EXERCISE PROMPT - Keep to one stretch of the data below, the lines from the one with "# Sketch2 → Cut-Extrude4 (cut)" up to and including the one with "# Sketch3 → Cut-Extrude2", and return that stretch exactly.

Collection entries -
= = = = =
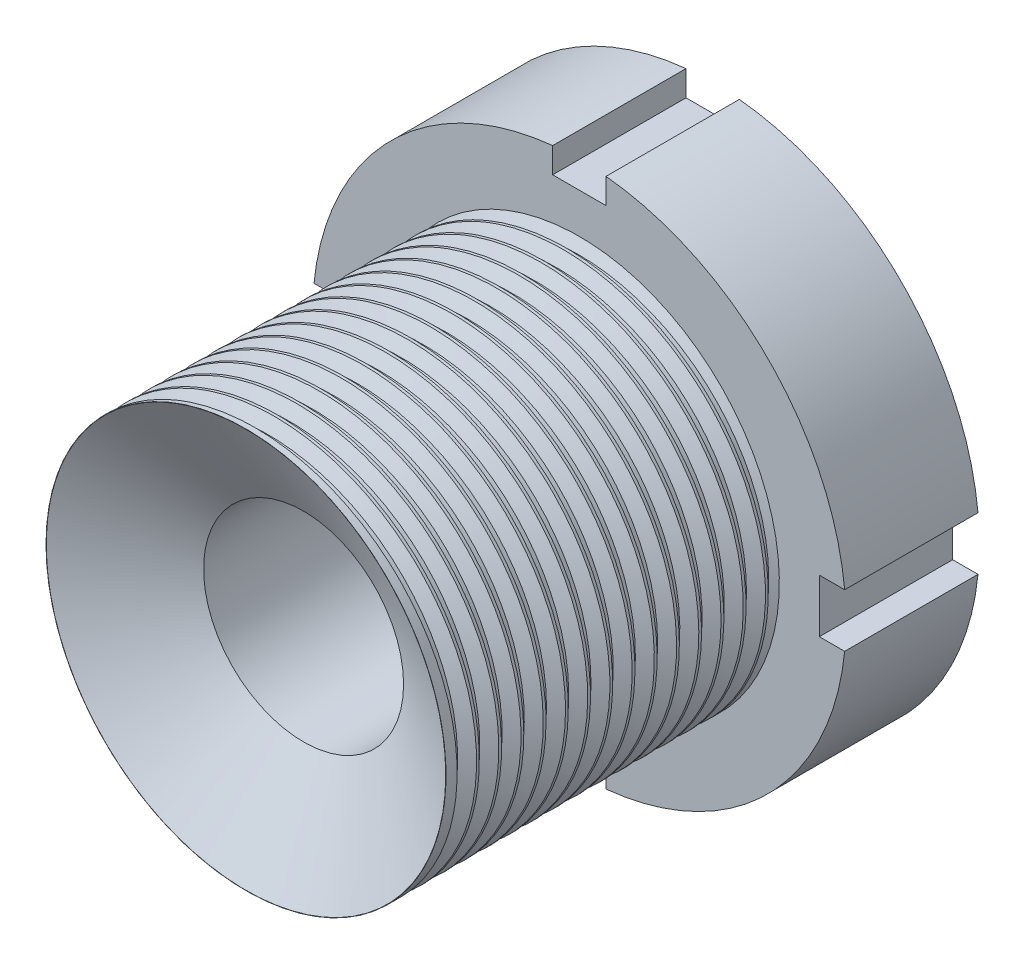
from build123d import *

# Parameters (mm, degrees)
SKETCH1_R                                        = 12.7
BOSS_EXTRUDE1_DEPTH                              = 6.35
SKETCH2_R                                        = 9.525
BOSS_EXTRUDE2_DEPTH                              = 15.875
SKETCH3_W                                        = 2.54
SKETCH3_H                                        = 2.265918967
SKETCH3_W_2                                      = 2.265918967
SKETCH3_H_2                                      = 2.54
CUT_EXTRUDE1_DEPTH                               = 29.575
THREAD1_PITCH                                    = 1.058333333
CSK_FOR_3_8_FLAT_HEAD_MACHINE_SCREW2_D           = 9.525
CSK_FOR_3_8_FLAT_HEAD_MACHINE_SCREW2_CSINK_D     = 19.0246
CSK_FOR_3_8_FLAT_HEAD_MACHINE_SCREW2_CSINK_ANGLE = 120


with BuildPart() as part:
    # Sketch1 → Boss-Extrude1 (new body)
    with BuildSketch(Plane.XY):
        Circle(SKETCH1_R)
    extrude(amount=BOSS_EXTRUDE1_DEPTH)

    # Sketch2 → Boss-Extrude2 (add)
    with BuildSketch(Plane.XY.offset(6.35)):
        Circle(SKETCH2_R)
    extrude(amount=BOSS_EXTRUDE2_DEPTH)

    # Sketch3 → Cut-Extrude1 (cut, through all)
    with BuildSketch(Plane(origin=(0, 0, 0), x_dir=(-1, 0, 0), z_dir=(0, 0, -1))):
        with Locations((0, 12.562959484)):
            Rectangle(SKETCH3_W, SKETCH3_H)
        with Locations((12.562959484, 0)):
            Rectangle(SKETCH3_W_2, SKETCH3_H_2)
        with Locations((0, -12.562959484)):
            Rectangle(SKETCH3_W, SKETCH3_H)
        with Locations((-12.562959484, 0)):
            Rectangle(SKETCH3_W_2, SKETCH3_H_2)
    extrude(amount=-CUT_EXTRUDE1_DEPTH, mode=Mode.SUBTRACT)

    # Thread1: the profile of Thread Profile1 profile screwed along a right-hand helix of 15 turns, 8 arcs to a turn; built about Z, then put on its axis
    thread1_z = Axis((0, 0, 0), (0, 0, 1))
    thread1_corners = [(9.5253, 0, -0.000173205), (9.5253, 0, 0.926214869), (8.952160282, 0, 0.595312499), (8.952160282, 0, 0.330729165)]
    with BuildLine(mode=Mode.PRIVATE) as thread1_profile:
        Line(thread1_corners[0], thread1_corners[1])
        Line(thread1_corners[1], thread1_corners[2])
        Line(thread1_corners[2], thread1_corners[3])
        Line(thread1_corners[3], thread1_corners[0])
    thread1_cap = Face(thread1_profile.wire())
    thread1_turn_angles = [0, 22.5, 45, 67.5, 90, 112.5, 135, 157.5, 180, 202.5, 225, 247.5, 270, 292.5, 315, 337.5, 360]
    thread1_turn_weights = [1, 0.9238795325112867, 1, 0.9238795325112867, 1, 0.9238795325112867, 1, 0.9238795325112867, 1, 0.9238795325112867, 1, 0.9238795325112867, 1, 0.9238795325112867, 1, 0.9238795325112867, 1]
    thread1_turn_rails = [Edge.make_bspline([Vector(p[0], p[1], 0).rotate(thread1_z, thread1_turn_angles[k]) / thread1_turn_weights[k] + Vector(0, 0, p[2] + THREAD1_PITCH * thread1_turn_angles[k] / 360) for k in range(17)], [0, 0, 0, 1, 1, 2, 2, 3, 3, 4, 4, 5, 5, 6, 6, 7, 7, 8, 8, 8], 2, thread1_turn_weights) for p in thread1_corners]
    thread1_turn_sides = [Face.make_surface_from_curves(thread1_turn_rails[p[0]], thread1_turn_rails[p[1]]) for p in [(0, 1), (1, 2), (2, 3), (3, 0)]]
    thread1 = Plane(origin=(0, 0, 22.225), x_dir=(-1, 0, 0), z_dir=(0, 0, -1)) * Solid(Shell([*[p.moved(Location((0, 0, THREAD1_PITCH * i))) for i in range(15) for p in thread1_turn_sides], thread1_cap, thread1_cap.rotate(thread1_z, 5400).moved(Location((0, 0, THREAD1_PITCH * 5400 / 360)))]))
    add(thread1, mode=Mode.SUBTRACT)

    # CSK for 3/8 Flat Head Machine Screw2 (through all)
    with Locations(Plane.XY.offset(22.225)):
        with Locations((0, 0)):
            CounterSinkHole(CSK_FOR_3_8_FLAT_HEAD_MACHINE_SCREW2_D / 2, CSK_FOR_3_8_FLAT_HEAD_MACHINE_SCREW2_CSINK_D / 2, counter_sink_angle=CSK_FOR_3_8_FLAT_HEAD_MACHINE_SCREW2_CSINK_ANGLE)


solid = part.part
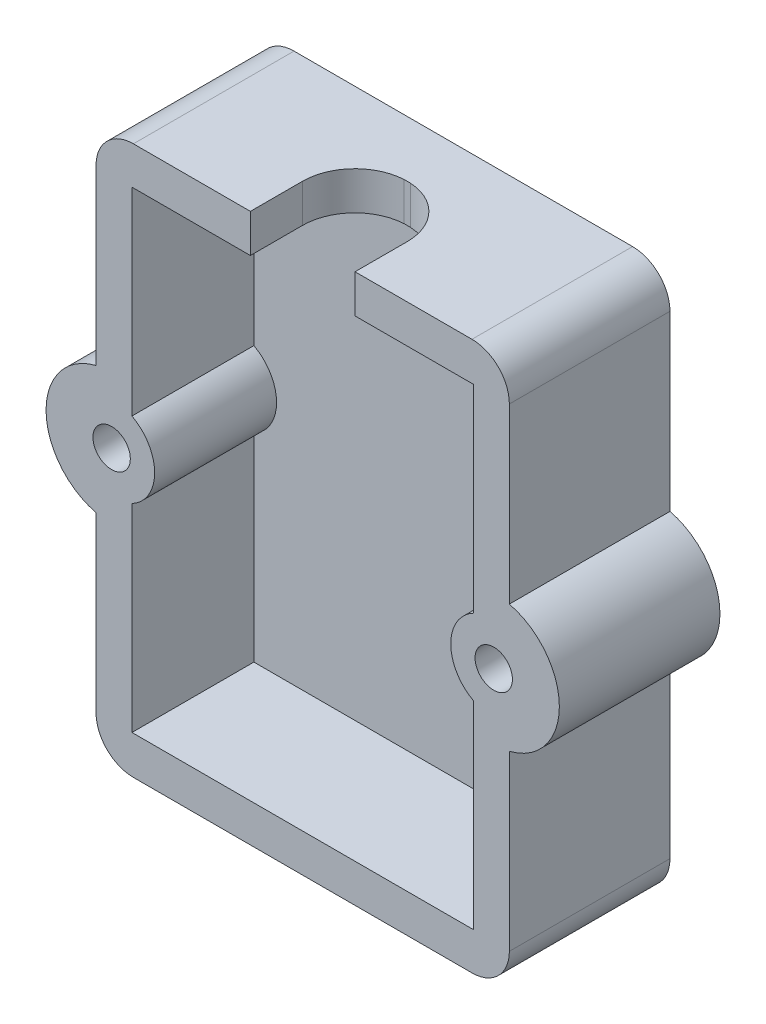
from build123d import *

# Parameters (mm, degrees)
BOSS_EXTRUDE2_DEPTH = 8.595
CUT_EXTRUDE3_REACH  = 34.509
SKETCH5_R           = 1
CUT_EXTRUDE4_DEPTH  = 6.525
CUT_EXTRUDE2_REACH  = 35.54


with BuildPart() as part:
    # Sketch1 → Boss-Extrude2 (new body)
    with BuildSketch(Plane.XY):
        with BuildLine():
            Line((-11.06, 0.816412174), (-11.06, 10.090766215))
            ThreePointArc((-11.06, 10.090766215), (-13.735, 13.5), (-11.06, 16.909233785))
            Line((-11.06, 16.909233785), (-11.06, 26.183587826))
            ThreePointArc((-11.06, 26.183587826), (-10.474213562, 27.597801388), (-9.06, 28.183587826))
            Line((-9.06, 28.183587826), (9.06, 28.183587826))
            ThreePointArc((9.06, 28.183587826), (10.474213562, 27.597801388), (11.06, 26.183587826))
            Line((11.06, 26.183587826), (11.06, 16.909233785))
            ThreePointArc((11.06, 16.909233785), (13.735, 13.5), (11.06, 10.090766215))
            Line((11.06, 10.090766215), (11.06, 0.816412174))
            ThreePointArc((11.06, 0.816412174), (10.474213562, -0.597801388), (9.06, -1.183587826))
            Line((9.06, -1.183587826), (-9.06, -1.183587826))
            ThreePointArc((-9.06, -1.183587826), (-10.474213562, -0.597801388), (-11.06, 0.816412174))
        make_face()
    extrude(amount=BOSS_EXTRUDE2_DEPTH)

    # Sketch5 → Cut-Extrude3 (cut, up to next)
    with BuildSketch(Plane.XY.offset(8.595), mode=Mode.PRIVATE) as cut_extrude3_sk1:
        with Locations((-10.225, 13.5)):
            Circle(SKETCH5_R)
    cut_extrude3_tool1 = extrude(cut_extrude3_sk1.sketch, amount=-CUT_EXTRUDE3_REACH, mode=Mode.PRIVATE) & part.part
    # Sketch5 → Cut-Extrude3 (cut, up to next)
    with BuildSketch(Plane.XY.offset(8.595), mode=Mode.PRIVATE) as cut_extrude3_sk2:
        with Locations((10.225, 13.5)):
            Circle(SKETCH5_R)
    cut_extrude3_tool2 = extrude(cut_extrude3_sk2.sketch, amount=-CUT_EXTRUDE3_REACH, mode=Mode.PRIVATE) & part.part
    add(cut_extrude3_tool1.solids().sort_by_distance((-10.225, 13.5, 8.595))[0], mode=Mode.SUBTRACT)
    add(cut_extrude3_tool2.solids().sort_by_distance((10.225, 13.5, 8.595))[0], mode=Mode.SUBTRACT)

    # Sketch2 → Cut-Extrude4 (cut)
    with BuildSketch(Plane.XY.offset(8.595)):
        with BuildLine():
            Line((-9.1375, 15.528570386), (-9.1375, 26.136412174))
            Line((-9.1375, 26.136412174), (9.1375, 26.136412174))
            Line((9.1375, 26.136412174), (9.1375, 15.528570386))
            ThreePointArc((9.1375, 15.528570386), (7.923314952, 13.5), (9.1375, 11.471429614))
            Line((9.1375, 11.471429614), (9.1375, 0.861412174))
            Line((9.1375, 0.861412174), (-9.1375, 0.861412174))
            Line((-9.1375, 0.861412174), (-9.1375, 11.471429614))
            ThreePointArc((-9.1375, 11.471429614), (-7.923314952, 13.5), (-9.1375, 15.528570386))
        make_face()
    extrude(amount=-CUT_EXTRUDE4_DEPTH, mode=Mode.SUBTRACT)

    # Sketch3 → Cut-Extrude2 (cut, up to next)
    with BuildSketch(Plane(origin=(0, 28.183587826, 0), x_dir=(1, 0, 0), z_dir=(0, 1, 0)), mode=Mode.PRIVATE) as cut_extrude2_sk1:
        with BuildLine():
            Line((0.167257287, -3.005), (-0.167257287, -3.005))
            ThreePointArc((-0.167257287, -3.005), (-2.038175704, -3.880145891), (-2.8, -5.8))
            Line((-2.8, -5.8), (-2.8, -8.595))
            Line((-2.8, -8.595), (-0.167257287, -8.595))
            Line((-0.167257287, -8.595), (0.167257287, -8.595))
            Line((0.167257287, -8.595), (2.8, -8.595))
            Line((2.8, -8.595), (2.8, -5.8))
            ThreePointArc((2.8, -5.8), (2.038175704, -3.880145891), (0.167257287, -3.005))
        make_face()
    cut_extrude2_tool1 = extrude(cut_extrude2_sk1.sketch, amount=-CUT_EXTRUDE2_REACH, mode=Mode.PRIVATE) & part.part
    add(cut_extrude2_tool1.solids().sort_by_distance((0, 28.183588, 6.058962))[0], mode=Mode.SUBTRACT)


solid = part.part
= = = = =
EXERCISE OUTPUT -
    # Sketch2 → Cut-Extrude4 (cut)
    with BuildSketch(Plane.XY.offset(8.595)):
        with BuildLine():
            Line((-9.1375, 15.528570386), (-9.1375, 26.136412174))
            Line((-9.1375, 26.136412174), (9.1375, 26.136412174))
            Line((9.1375, 26.136412174), (9.1375, 15.528570386))
            ThreePointArc((9.1375, 15.528570386), (7.923314952, 13.5), (9.1375, 11.471429614))
            Line((9.1375, 11.471429614), (9.1375, 0.861412174))
            Line((9.1375, 0.861412174), (-9.1375, 0.861412174))
            Line((-9.1375, 0.861412174), (-9.1375, 11.471429614))
            ThreePointArc((-9.1375, 11.471429614), (-7.923314952, 13.5), (-9.1375, 15.528570386))
        make_face()
    extrude(amount=-CUT_EXTRUDE4_DEPTH, mode=Mode.SUBTRACT)

    # Sketch3 → Cut-Extrude2 (cut, up to next)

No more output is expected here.